One of the constraints can be rewritten using the nullspace projector of $b$ $$\eqalign{ P &= \Big(I-(b^T)^+b^T\Big) = \left(I-\frac{bb^T}{b^Tb}\right) \;=\; I-\beta bb^T \\ Pb &= 0,\qquad P^2=P=P^T \\ }$$ and the introduction of an unconstrained vector $y$ $$\eqalign{ b^Tx &= a \\ x &= Py + (b^T)^+a \\ &= Py + a\beta b \\ &= Py + \alpha_0 b \\ }$$ The remaining constraint can be absorbed into the definition of the objective function itself $$\eqalign{ \lambda &= \frac{x^TBx}{x^Tx} \;=\; \frac{y^TPBPy +2\alpha_0y^TPBb +\alpha_0^2\,b^TBb}{y^TPy +\alpha_0^2\,b^Tb} \;=\; \frac{\theta_1}{\theta_2} \tag{0} \\ }$$ The gradient can be calculated by a straightforward (if tedious) application of the quotient rule as $$\eqalign{ \frac{\partial\lambda}{\partial y} &= \frac{2\theta_2(PBPy +\alpha_0PBb)-2\theta_1Py} {\theta_2^2} \\ }$$ Setting the gradient to zero yields $${ PBPy +\alpha_0PBb = \lambda Py \tag{1} \\ }$$ which can be rearranged into a generalized eigenvalue equation. $$\eqalign{ PB\left(Py+\alpha_0b\right) &= \lambda Py \\ PBx &= \lambda Px \tag{2} \\ }$$ Note that multiplying the standard eigenvalue equation $$\eqalign{ Bx &= \lambda x \tag{3} \\ }$$ by $P$ reproduces equation $({2})$. So both standard and generalized eigenvalues are potential solutions.

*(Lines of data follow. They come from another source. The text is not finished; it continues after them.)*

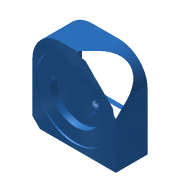
# Autodesk Inventor part: trim pot_ body
Saved by Autodesk Inventor 2014 (Build 180170000, 170)
## iProperties
Created: 2015-10-12
Part Number: trim pot_ body
Material: Generic
Document SubType Name: Modeling
Designer: Tom
Density: 1 g/cm^3
Appearance: Cyan
Author: Tom
Autodesk Inventor part; units mm, degrees
ref_plane "YZ Plane" through (0, 0, 0) normal (1, 0, 0) x (0, 1, 0)
ref_plane "XZ Plane" through (0, 0, 0) normal (0, 1, 0) x (-1, 0, 0)
ref_plane "XY Plane" through (0, 0, 0) normal (0, 0, 1) x (1, 0, 0)
sketch "Sketch1" plane through (0, 0, 0) normal (0, 0, 1) x (1, 0, 0)
  line L0 (-3.3401, -3.4417) -> (3.3401, -3.4417)
  line L1 (3.3401, -3.4417) -> (3.3401, 1.1557)
  line L2 (1.0541, 3.4417) -> (-1.0541, 3.4417)
  line L3 (-3.3401, 1.1557) -> (-3.3401, -3.4417)
  line L4 (-3.3401, -3.4417) -> (3.3401, 3.4417) construction
  line L5 (3.3401, -3.4417) -> (-3.3401, 3.4417) construction
  arc A0 (-1.0541, 3.4417) -> (-3.3401, 1.1557) centre (-1.0541, 1.1557) ccw
  arc A1 (3.3401, 1.1557) -> (1.0541, 3.4417) centre (1.0541, 1.1557) ccw
  point P0 (0, 0)
  dimension "d0" = 6.6802
  dimension "d1" = 6.8834
  dimension "d2" = 2.286
  constraints: 12 end point, 4 point on circle, 4 point on line, 4 tangent, 2 centre point, 2 midpoint, 2 parallel, 1 equal radius, 1 horizontal, 1 perpendicular
  measures "d0" distance of L5.end L4.end
  measures "d1" distance of L4.end L0.end
  measures "d2" radius of A0
extrude "Extrusion1" add sketch "Sketch1" along normal blind 2.54
sketch "Sketch2" plane through (0, 0, 2.54) normal (0, 0, 1) x (1, 0, 0)
  circle A0 centre (0, 0) radius 3.0734
  dimension "d5" = 6.1468
  constraints: 1 centre point, 1 coincident
  measures "d5" diameter of A0
extrude "Extrusion2" cut sketch "Sketch2" against normal blind 0.127
sketch "Sketch4" plane through (0, 0, 2.413) normal (0, 0, 1) x (1, 0, 0)
  circle A0 centre (0, 0) radius 3.0734 projected
  arc A1 (-1.9656, 0.4168) -> (1.9656, 0.4168) centre (0, 0) ccw
  arc A2 (-1.3084, 0.2505) -> (1.3084, 0.2505) centre (0, 0) ccw
  circle A3 centre (1.6419, 0.3144) radius 0.3175 projected
  line L0 (0, 0) -> (0, 0.9465)
  arc A4 (1.9656, 0.4168) -> (1.3084, 0.2505) centre (1.6419, 0.3144) ccw
  arc A5 (-1.3084, 0.2505) -> (-1.9656, 0.4168) centre (-1.6419, 0.3144) ccw
  dimension "d8" = 0.6772
  constraints: 8 point on circle, 4 centre point, 3 coincident, 3 symmetric about line, 2 end point, 1 tangent, 1 vertical, 1 other
  measures "d8" radial gap between concentric circles of A1 A2
extrude "Extrusion3" cut sketch "Sketch4" against normal blind 0.508 contours A5 A2 A4 A1
sketch "Sketch5" plane through (1.6419, 0.3144, 2.413) normal (0, 0, 1) x (1, 0, 0)
  circle A0 centre (0, 0) radius 0.3175 projected
  point P0 (-1.6419, -0.3144)
extrude "Extrusion4" cut sketch "Sketch5" against normal blind 0.508
sketch "Sketch6" plane through (0, 0, 0) normal (0, 0, -1) x (-1, 0, 0)
  line L0 (3.3401, 1.1557) -> (3.3401, -3.4417) projected
  line L1 (-1.0541, 3.4417) -> (1.0541, 3.4417) projected
  line L2 (-3.3401, -3.4417) -> (-3.3401, 1.1557) projected
  line L3 (-1.905, -1.0033) -> (1.905, -1.0033)
  line L4 (1.905, -1.0033) -> (1.905, 2.8067)
  line L5 (1.905, 2.8067) -> (-1.905, 2.8067)
  line L6 (-1.905, 2.8067) -> (-1.905, -1.0033)
  point P0 (0, 0)
  dimension "d13" = 3.81
  dimension "d14" = 3.81
  dimension "d15" = 6.6802
  dimension "d16" = 1.4351
  dimension "d17" = 0.635
  constraints: 8 end point, 2 parallel, 1 horizontal, 1 perpendicular
  measures "d13" distance of L5.end L4.end
  measures "d14" distance of L4.end L3.end
  measures "d15" distance between parallel lines of L2 L0
  measures "d16" horizontal distance of L2.end L5.end
  measures "d17" distance between parallel lines of L1 L5
extrude "Extrusion5" cut sketch "Sketch6" against normal blind 0.381
equation "\"d16\" = -0.5 * d13 + 0.5 * d15"
body "Solid1"
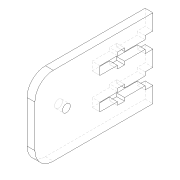
# Autodesk Inventor part: axel mount (3mm shaft)
Saved by Autodesk Inventor 2016 (Build 200138000, 138)
## iProperties
Created: 2014-07-12
Part Number: axel mount (3mm shaft)
Material: Plywood, Finish
Document SubType Name: Modeling
Designer: Sebastian
Density: 0.552 g/cm^3
Appearance: Plywood - New
Description: http://www.wickes.co.uk/Wickes-Non-Structural-Hardwood-Plywood-3-6x607x1829mm/p/110513
Author: Sebastian
Autodesk Inventor part; units mm, degrees
ref_plane "YZ Plane" through (0, 0, 0) normal (1, 0, 0) x (0, 1, 0)
ref_plane "XZ Plane" through (0, 0, 0) normal (0, 1, 0) x (-1, 0, 0)
ref_plane "XY Plane" through (0, 0, 0) normal (0, 0, 1) x (1, 0, 0)
sketch "Sketch1" plane through (0, 0, 0) normal (1, 0, 0) x (0, 1, 0)
  line L0 (0, 0) -> (45, 0)
  line L1 (45, 0) -> (45, -30)
  line L2 (45, -30) -> (0, -30)
  line L3 (0, -30) -> (0, 0)
  dimension "d0" = 45
  dimension "d1" = 30
  constraints: 8 end point, 2 parallel, 1 horizontal, 1 perpendicular
  measures "d0" distance of L1.end L2.end
  measures "d1" distance of L0.end L1.end
extrude "Extrusion1" add sketch "Sketch1" along normal blind 3
sketch "Sketch2" plane through (3, 0, 0) normal (1, 0, 0) x (0, 0, -1)
  line L0 (30, 45) -> (0, 45) projected
  line L1 (6, 45) -> (12, 45)
  line L2 (12, 45) -> (12, 42)
  line L3 (6, 42) -> (6, 45)
  line L4 (0, 45) -> (0, 0) projected
  line L5 (18, 45) -> (24, 45)
  line L6 (24, 45) -> (24, 42)
  line L7 (18, 42) -> (18, 45)
  line L8 (30, 0) -> (30, 45) projected
  line L9 (6, 42) -> (7.4, 42)
  line L10 (7.4, 42) -> (7.4, 34.2)
  line L11 (7.4, 34.2) -> (6.2, 34.2)
  line L12 (6.2, 34.2) -> (6.2, 31.45)
  line L13 (6.2, 31.45) -> (7.4, 31.45)
  line L14 (7.4, 31.45) -> (7.4, 24.8)
  line L15 (7.4, 24.8) -> (10.6, 24.8)
  line L16 (10.6, 24.8) -> (10.6, 31.45)
  line L17 (10.6, 31.45) -> (11.8, 31.45)
  line L18 (11.8, 31.45) -> (11.8, 34.2)
  line L19 (11.8, 34.2) -> (10.6, 34.2)
  line L20 (10.6, 42) -> (12, 42)
  line L21 (10.6, 34.2) -> (10.6, 42)
  line L22 (18, 42) -> (19.4, 42)
  line L23 (19.4, 42) -> (19.4, 34.2)
  line L24 (19.4, 34.2) -> (18.2, 34.2)
  line L25 (18.2, 34.2) -> (18.2, 31.45)
  line L26 (18.2, 31.45) -> (19.4, 31.45)
  line L27 (19.4, 24.8) -> (19.4, 31.45)
  line L28 (19.4, 24.8) -> (22.6, 24.8)
  line L29 (22.6, 24.8) -> (22.6, 31.45)
  line L30 (22.6, 31.45) -> (23.8, 31.45)
  line L31 (23.8, 31.45) -> (23.8, 34.2)
  line L32 (23.8, 34.2) -> (22.6, 34.2)
  line L33 (22.6, 42) -> (24, 42)
  line L34 (22.6, 42) -> (22.6, 34.2)
  dimension "d4" = 6
  dimension "d6" = 6
  dimension "d18" = 6
  dimension "d19" = 3
  dimension "d20" = 6
  dimension "d21" = 6
  dimension "d22" = 1.4
  dimension "d23" = 7.8
  dimension "d24" = 1.2
  dimension "d25" = 2.75
  dimension "d26" = 1.2
  dimension "d27" = 6.65
  dimension "d28" = 3.2
  dimension "d29" = 1.2
  dimension "d30" = 1.4
  dimension "d31" = 1.2
  dimension "d32" = 3.2
  dimension "d33" = 1.2
  dimension "d34" = 20.2
  constraints: 64 end point, 27 point on line, 15 perpendicular, 4 parallel, 3 horizontal
  measures "d4" distance of L2.end L3.start
  measures "d6" distance between parallel lines of L3 L4
  measures "d18" distance of L6.end L7.start
  measures "d19" distance of L5.end L6.end
  measures "d20" distance between parallel lines of L8 L6
  measures "d21" distance between parallel lines of L7 L2
  measures "d22" distance of L3.start L9.end
  measures "d23" distance of L9.end L10.end
  measures "d24" distance of L10.end L11.end
  measures "d25" distance of L11.end L12.end
  measures "d26" distance of L12.end L13.end
  measures "d27" distance of L13.end L14.end
  measures "d28" distance of L14.end L15.end
  measures "d29" distance of L16.end L17.end
  measures "d30" distance of L7.start L22.end
  measures "d31" distance of L23.end L24.end
  measures "d32" distance of L27.start L28.end
  measures "d33" distance of L29.end L30.end
  measures "d34" distance between parallel lines of L15 L0
extrude "Extrusion2" cut sketch "Sketch2" against normal blind 4
fillet "Fillet1" radius 7 2 edges at (1.5, 0, 0) (1.5, 0, -30)
sketch "Sketch3" plane through (3, 0, 0) normal (1, 0, 0) x (0, 0, -1)
  circle A0 centre (15, 12) radius 1.5
  line L0 (0, 45) -> (0, 7) projected
  line L1 (7, 0) -> (23, 0) projected
  point P0 (0, 0)
  dimension "d10" = 3
  dimension "d11" = 15
  dimension "d12" = 12
  constraints: 1 centre point
  measures "d10" diameter of A0
  measures "d11" distance from line of L0 A0.centre
  measures "d12" distance from line of L1 A0.centre
extrude "Extrusion3" cut sketch "Sketch3" against normal blind 4
body "Solid1"

Unlike the discrete $\lambda$ values yielded by the eigenvalue methods, equation $({1})$ is solvable for a continuous range of $\lambda$
$$\eqalign{ y &= \alpha_0(\lambda P-PBP)^+PBb \\ }$$ and produces a $y$ vector which satisfies the zero gradient condition $({1})$.

Unfortunately, none of these approaches yields a solution which satisfies all of the constraints.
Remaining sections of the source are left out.